Putting a patient on a ventilator is hard work and it requires more than just the manpower to do it - patients must be heavily medicated during the process and there is a concern over a shortage of the drugs needed.
“To get someone on ventilator we need to do couple things - one is sedating them, two is paralyzing them,” said Martin. “The medications we use to do that are in short supply, just in the last few months we have seen a 50 percent increase nationwide in the orders or request for sedatives and paralytics. So, we are getting more creative as providers. Luckily, we were trained for this, it’s not just about plan A and B anymore, we need to be thinking plan D, E, and F if we get to the point in time when we don’t have these medications."
Martin also weighed in on the effects ethnicity and economic disparity has on the number of people contracting the virus.
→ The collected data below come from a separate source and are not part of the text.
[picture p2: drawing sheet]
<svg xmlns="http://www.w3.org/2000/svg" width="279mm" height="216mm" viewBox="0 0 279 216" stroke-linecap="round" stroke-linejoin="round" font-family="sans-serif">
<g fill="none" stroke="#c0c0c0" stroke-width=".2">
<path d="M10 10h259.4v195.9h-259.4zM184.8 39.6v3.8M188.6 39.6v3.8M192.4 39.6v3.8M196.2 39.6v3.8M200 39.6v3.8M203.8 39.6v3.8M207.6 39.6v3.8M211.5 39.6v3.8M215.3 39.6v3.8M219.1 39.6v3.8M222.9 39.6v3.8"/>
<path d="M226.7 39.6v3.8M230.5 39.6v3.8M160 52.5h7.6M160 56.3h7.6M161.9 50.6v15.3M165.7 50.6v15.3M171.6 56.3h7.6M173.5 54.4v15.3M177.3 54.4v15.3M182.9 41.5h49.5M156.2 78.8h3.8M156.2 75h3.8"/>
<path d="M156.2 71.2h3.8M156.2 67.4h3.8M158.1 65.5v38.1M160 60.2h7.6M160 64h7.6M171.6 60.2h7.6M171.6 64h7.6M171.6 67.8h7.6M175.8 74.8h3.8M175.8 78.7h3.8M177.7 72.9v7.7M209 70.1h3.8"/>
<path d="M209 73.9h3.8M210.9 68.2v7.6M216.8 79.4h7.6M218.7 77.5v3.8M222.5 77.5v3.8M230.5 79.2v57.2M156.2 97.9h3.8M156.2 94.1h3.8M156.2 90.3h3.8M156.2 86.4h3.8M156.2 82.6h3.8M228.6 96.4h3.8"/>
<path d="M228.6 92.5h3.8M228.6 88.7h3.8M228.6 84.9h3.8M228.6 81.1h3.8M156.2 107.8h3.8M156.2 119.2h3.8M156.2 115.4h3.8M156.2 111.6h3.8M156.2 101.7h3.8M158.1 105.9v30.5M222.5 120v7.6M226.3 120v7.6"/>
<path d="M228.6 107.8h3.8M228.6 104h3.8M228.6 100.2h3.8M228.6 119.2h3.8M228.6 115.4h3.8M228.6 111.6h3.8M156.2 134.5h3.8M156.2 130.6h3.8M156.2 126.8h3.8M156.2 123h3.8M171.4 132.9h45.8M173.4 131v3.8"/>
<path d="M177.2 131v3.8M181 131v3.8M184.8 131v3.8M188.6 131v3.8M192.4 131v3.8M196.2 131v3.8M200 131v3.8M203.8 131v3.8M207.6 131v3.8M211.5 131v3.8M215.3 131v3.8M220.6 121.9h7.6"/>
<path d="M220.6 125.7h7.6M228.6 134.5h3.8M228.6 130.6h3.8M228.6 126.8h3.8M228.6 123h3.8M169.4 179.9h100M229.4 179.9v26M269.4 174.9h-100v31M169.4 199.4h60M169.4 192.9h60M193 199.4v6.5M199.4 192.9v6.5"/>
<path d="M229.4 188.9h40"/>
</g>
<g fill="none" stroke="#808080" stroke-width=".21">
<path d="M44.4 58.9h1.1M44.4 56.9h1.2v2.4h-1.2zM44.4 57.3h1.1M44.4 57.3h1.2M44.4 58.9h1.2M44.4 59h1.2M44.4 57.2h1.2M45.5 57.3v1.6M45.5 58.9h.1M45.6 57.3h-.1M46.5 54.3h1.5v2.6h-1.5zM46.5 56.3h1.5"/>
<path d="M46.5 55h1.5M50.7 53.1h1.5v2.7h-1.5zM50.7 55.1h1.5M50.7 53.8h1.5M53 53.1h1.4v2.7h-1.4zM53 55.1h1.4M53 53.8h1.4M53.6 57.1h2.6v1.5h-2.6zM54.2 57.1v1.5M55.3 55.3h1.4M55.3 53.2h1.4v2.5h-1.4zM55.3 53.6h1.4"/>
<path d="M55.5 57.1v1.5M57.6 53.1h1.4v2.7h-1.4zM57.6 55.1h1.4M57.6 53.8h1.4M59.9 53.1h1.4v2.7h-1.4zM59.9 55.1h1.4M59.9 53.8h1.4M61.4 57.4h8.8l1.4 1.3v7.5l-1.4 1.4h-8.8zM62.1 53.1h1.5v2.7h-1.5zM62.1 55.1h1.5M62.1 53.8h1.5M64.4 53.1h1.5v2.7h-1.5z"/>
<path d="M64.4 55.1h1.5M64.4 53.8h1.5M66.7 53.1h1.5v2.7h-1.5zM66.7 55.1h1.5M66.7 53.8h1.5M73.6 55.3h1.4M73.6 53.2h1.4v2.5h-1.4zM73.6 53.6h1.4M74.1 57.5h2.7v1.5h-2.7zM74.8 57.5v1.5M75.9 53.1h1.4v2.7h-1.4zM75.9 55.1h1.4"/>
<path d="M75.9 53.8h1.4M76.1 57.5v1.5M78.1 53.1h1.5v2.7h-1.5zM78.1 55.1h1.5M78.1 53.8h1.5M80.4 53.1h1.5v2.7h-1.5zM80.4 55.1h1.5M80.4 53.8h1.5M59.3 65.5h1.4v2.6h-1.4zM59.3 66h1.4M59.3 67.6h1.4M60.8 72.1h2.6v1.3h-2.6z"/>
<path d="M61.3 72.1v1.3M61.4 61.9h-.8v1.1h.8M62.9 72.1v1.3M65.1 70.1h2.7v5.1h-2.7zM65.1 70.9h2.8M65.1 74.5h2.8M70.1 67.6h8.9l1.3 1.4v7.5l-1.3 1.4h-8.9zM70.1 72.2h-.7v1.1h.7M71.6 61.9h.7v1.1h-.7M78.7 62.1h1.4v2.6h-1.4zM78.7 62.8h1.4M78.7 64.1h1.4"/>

“Just here at my hospital, at Mass. General, nearly 50 percent of patients who have COVID-19 are Hispanic,” said Martin. “There are a lot of different reasons [for that], first of all its harder to get tested when you live in a poor community. Our initial testing requirements were so strict we couldn’t really decide who had COVID-19 and who didn’t, so were missing a lot of cases. Number 2, when you live in poverty its hard to tell people to do the things we are telling them to do like self-isolate or quarantine. Just last week I had a patient who is a young mom of three kids who lives with her elderly mom in a one bedroom in Dorchester. She said, ‘Doctor, how am I supposed to self isolate?’”
The state Department of Health recently came out with guidelines for deciding who gets a ventilator. Essentially, it asks doctors to give patients a score that includes their past medical history to weigh whether they will have a higher chance of surviving the virus and thus should be given a ventilator. Martin has since voiced his opposition to the idea.
“What we’re talking about is a nightmare scenario and all of us hope we never ever have to enact this crisis of care first of all,” said Martin. “Here’s the deal, number one all patients get a score when they come in with COVID-19 symptoms. Number two, the higher the score the less likely you are to get a ventilator or critical care resources. The diseases that give you points, looking at things like diabetes, kidney disease, heart diseases, etc. all of these diseases are found in higher rates in communities of color.”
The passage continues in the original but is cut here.